Re: Turniej Forumowiczów TF'2018 (24.11.2018)

Organizacyjnie i "atmosferycznie" było świetnie! Nikt nie zawiódł a humory dopisywały :)
Obrazek

Obiekt fajny. Jedyna uwaga to na korcie nr 2 dużo mączki a linie końcowe nieco w dołku. No i tylko jedna toaleta przy recepcji powodowała pewnie zatory ;)
Obrazek

Co do naszych gier to jeszcze napiszę - na teraz to nieźle czuję w kościach te 5 setów które rozegrałem...
Awatar użytkownika
PIOTR69
Senior
Senior
Posty: 2273
Rejestracja: 10 lut 2008, 09:56
Lokalizacja: Aleksandrów Ł.

Re: Turniej Forumowiczów TF'2018 (24.11.2018)

Fajnie było znowu się spotkać. Grono nieliczne, ale jakże śliczne :::yay::: . Dzięki za zorganizowanie tego spotkania i chęć przybycia. Myślę, że każdy mile spędził czas. Starałem się walczyć jak mogłem, serducho do walki jeszcze jest, ale brakuje trochę zdrowia i pewnie umiejętności. Prawie udało mi się urwać gema Jackowi( mentalnie sobie go przyznałem, co wszyscy słyszeli rotfl ). Powalczyłem ze Scudim i odwróciłem przegrany mecz z Driverem. Z Rogerem wygraliśmy prestiżowy debel z Lechem i Driverem.

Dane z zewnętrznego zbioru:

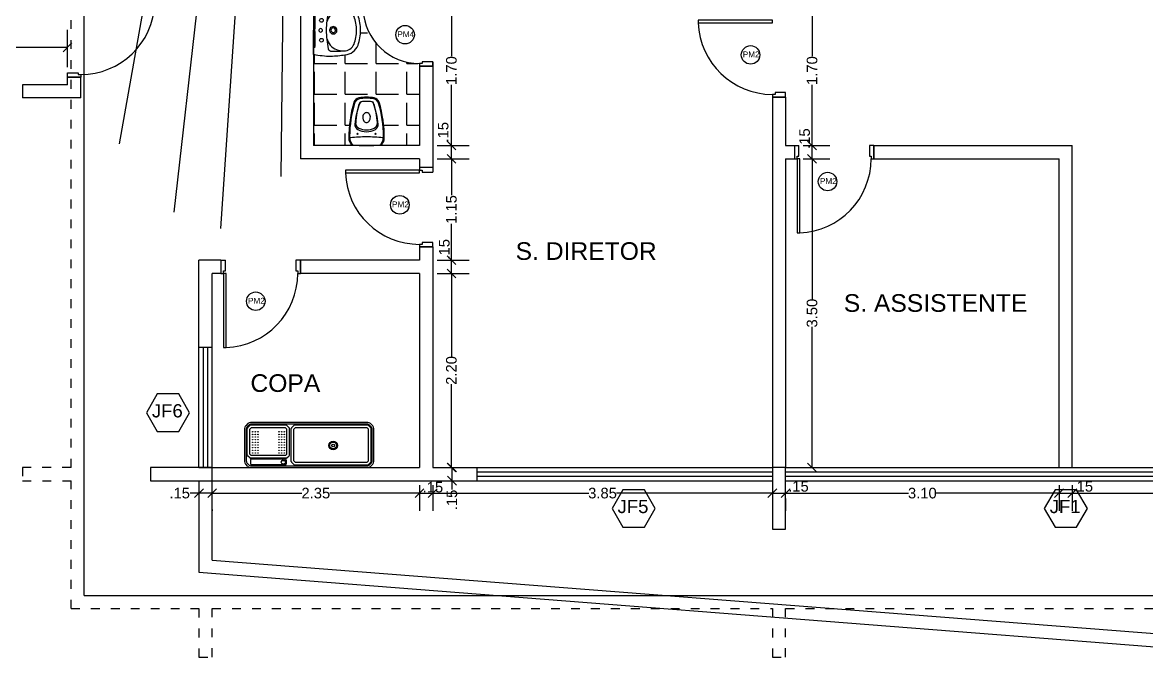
# Model space of a CAD drawing. Extents: x 97.2 to 178.4, y 268.6 to 301.5.
# Drawn here: x 108.1 to 120.84, y 269.83 to 277.07 of the extents above; entities that cross this region are included whole.
import ezdxf

# ---------------------------------------------------------------- set-up
doc = ezdxf.new("R2010")
doc.units = 0
doc.header["$MEASUREMENT"] = 0
doc.linetypes.add('ACAD_ISO03W100', pattern=[30, 12, -18])
doc.layers.get('0').update_dxf_attribs({"linetype": 'CONTINUOUS'})
doc.layers.get('DEFPOINTS').update_dxf_attribs({"linetype": 'CONTINUOUS'})
for name, color, linetype in [('APCOZ', 7, 'CONTINUOUS'), ('APCOZ-I', 251, 'CONTINUOUS'), ('COTAS', 8, 'CONTINUOUS'), ('JANELA-ESQUADRIAS', 11, 'CONTINUOUS'), ('LOUÇAS', 103, 'CONTINUOUS'), ('MURETA', 134, 'CONTINUOUS'), ('PAREDE', 7, 'CONTINUOUS'), ('PAREDE-ALVENARIA', 7, 'CONTINUOUS'), ('PISO', 251, 'CONTINUOUS'), ('PISO-NOVO', 8, 'CONTINUOUS'), ('PISOS', 9, 'CONTINUOUS'), ('PROJEÇÃOTELHADO', 181, 'ACAD_ISO03W100'), ('TXTAMBIENTE', 143, 'CONTINUOUS'), ('TXTCIRCUITOS', 113, 'CONTINUOUS'), ('VIDRO', 4, 'CONTINUOUS')]:
    doc.layers.add(name, color=color, linetype=linetype)
doc.styles.get("Standard").update_dxf_attribs({"font": 'arial.ttf'})
doc.dimstyles.get("Standard").update_dxf_attribs({"dimscale": 0, "dimtxt": 0.12, "dimasz": 0.1, "dimexe": 0.2, "dimexo": 0.2, "dimgap": 0, "dimtad": 0, "dimzin": 5, "dimdsep": 46, "dimtxsty": 'Standard', "dimblk1": 'OBLIQUE', "dimblk2": 'OBLIQUE', "dimsah": 1, "dimcen": 0.1, "dimadec": 0, "dimazin": 0, "dimtfac": 1, "dimtmove": 0, "dimatfit": 3, "dimldrblk": 'OBLIQUE', "dimfxl": 1, "dimtolj": 1, "dimtzin": 1, "dimarcsym": 0})

# ---------------------------------------------------------------- blocks, each defined once
blk = doc.blocks.new('VASOSAN1')
at = {"layer": 'LOUÇAS'}
for centre in [(-0.102, -0.133), (0.102, -0.133)]:
    blk.add_circle(centre, 0.00698, dxfattribs=at)
for centre, radius, start, end in [((-0.105, -0.082), 0.096, 136.5326, 180), ((1.196, -0.092), 1.397, 179.59, 196.6011), ((-0.004, -0.107), 0.188, 171.5717, 179.2851), ((1.196, -0.092), 1.388, 180.5244, 196.1957), ((-0.004, -0.107), 0.188, 163.9784, 171.5717), ((-0.183, -0.081), 0.00698, 171.5717, 263.6349), ((-0.093, -0.082), 0.096, 136.5326, 164.4946), ((0, 1.561), 1.659, 263.6349, 270), ((-0.223, 0.022), 0.0611, 321.8555, 326.3665), ((-0.164, -0.017), 0.00873, 95.7172, 146.3665), ((0, -1.659), 1.659, 90, 95.7172), ((-0.21, 0.022), 0.0611, 321.8555, 326.3665), ((-0.145, -0.025), 0.0196, 114.5237, 139.2949), ((0, -1.659), 1.659, 84.2828, 90), ((0, 1.561), 1.659, 270, 276.3651), ((-1.196, -0.092), 1.388, 343.8043, 359.4756), ((-1.196, -0.092), 1.397, 343.3989, 0.41), ((0.145, -0.025), 0.0196, 40.7051, 65.4763), ((0.21, 0.022), 0.0611, 213.6335, 218.1445), ((0.093, -0.082), 0.096, 15.5054, 43.4674), ((0.164, -0.017), 0.00873, 33.6335, 84.2828), ((0.223, 0.022), 0.0611, 213.6335, 218.1445), ((0.105, -0.082), 0.096, 0, 43.4674), ((0.183, -0.081), 0.00698, 276.3651, 8.4283), ((0.004, -0.107), 0.188, 8.4283, 16.0216), ((0.004, -0.107), 0.188, 0.7149, 8.4283), ((-0.067, -0.239), 0.0655, 120.5583, 184.2477), ((0.739, -0.179), 0.873, 184.2477, 200.2598), ((-0.058, -0.255), 0.0655, 116.109, 182.0289), ((0, -0.352), 0.196, 90, 120.5583), ((0, -0.373), 0.196, 90, 116.109), ((0, -0.352), 0.196, 59.4417, 90), ((0, -0.373), 0.196, 63.891, 90), ((-0.739, -0.179), 0.873, 339.7402, 355.7523), ((0.058, -0.255), 0.0655, 357.9711, 63.891), ((0.067, -0.239), 0.0655, 355.7523, 59.4417), ((0.575, -0.233), 0.698, 182.0289, 200.9188), ((0.012, -0.321), 0.0555, 167.7779, 198.8244), ((-0.044, -0.305), 0.00364, 309.4719, 346.4901), ((-0.038, -0.311), 0.00438, 140.0137, 160.5298), ((0.014, -0.321), 0.058, 197.8884, 217.9267), ((0.037, -0.317), 0.078, 163.2777, 172.1219), ((0.019, -0.311), 0.0591, 144.0457, 163.2777), ((0.006, -0.328), 0.0468, 217.9267, 242.0063), ((0.007, -0.303), 0.0449, 119.7295, 144.0457), ((0, -0.339), 0.0348, 242.0063, 270), ((0, -0.29), 0.0303, 90, 119.7295), ((0, -0.29), 0.0303, 60.2705, 90), ((0, -0.339), 0.0348, 270, 297.9937), ((-0.007, -0.303), 0.0449, 35.9543, 60.2705), ((-0.006, -0.328), 0.0468, 297.9937, 322.0733), ((-0.019, -0.311), 0.0591, 16.7223, 35.9543), ((-0.014, -0.321), 0.058, 322.0733, 342.1116), ((-0.037, -0.317), 0.078, 7.8781, 16.7223), ((0.044, -0.305), 0.00364, 193.5099, 230.5281), ((-0.012, -0.321), 0.0555, 341.1756, 12.2221), ((0.038, -0.311), 0.00438, 19.4702, 39.9863), ((-0.575, -0.233), 0.698, 339.0812, 357.9711), ((-0.076, -0.471), 0.0698, 196.6011, 260.4041), ((-0.07, -0.46), 0.0698, 196.1957, 260.8899), ((-0.059, -0.474), 0.0227, 200.2598, 262.5367), ((-0.056, -0.474), 0.0227, 200.9188, 262.8803), ((0, -0.024), 0.477, 262.5367, 270), ((0, -0.024), 0.477, 270, 277.4633), ((0.056, -0.474), 0.0227, 277.1197, 339.0812), ((0.059, -0.474), 0.0227, 277.4633, 339.7402), ((0.07, -0.46), 0.0698, 279.1101, 343.8043), ((0.076, -0.471), 0.0698, 279.5959, 343.3989), ((0, -0.024), 0.524, 260.4041, 270), ((0, -0.024), 0.512, 260.8899, 270), ((0, -0.024), 0.512, 270, 279.1101), ((0, -0.024), 0.524, 270, 279.5959)]:
    blk.add_arc(centre, radius, start, end, dxfattribs=at)
blk = doc.blocks.new('LAVAT03')
at = {"layer": 'LOUÇAS'}
for p in [(-0.273, 0), (0.273, 0)]:
    blk.add_line(p, (0, 0), dxfattribs=at)
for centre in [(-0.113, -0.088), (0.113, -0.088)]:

Dziękuję raz jeszcze za gierki i równie mocno za pogaduchy. :::gd:::
Obrazek
NTRP 3.14
Tenis - I love this game!
Awatar użytkownika
Lechu67
Obywatel Forum
Obywatel Forum
Posty: 923
Rejestracja: 2 sty 2011, 19:27
Lokalizacja: Ryki

Re: Turniej Forumowiczów TF'2018 (24.11.2018)

No to trochę ode mnie.
Patrząc na listę uczestników nie robiłem sobie wielkich nadziei, tym bardziej że raczej forma szła w dół (w czwartek przegrałem z kolegą 60+) :/ .
Trafiłem do Grupy z Rogerem, Hohvar’em i Rafbat’em więc szanse na wyjście zerowe. Nie to bym się załamywał, fajnie zagrać ze lepszymi, zawsze czegoś się człowiek nauczy.
1 mecz z Rafbat’em.
Najpierw naściemniał, że nie grał 3 miechy, zmienił rakietę, naciąg i uchwyt – teoretycznie nie powinien trafiać w kort. Niestety trafiał :dvl(: i to głównie przy liniach bocznych i końcowej :dvl(: . Cieszyłem się jak dziecko z wygrania pierwszego gema :::yay::: przy 0:2. Później wyszarpałem jeszcze 2 gema i skończyło się na 2:6, więc wykonałem 200% normy. Rafbat robił w meczu ze mną bardzo straszliwie mało błędów, a ja nadrabiałem żeby właściwa średnia wyszła :rolleyes: .
Jeśli Rafbat nie ściemniał to potwierdza się moja teoria co do tego, że 1 mecz po długiej przerwie wychodzi bardzo dobrze, przynajmniej przeciwko mnie.
2 mecz z Hohvar’em.
Pamiętając mecz finałowy Hohvara z JCz z ubiegłego Tf-a, marzyłem tylko żeby pograć jak najdłużej, na zdobycze gemowe nie liczyłem. Rafbat prosił mnie tylko , żeby trochę podmęczył Hohvar'a przed ich wzajemnym meczem. Ponieważ pauzowałem przed meczem z Hohvarem to na kort wyszedłem sztywny, ale Hohvar’a chyba też usztywniła konieczność wygrania ze mną i udało mi się wyrwać 4 gemy (4:6). Więc u Rafbatam teoretycznie mam 4 burgery :D :wink: , jednak podmęczenie Hohvara nie pomogło Rafbatowi w ich pojedynku.
3 mecz z Rogerem.
To już był mecz pod presją bo siły wyrównane. Roger od razu mnie przełamał, pierwsze przejście 1:2. Odrobiłem na 3:2 i miałem już 5:2, ale Roger nie chciał się od razu poddać i skończyło się 6:3. Wreszcie robiłem mniej błędów.
Potem tradycyjnie zagraliśmy debelka czyli Yonex Team (Ja i Driver) kontra Łódź (Roger i Piotr69).
Zaczęliśmy z dużą dawką optymizmu i wyszliśmy na 5:2, no i pomyśleliśmy że już set się sam wygra. Wdaliśmy się w szachowe gierki i umoczyliśmy 5:7 :/ .
W drugim secie postanowiliśmy grać odważniej, mocniej, po swojemu i wygraliśmy chyba 6:2. Zagraliśmy tuż przed końcem czasu jeszcze super Tie-break’a, ale niestety zabrakło trochę szczęścia a i chłopaki z Łodzi wykorzystali swoje większe doświadczenie deblowe i skończyło się chyba 8:10 lub 7:10.
Rewanż na pewno będzie, już tego dopilnuję :D .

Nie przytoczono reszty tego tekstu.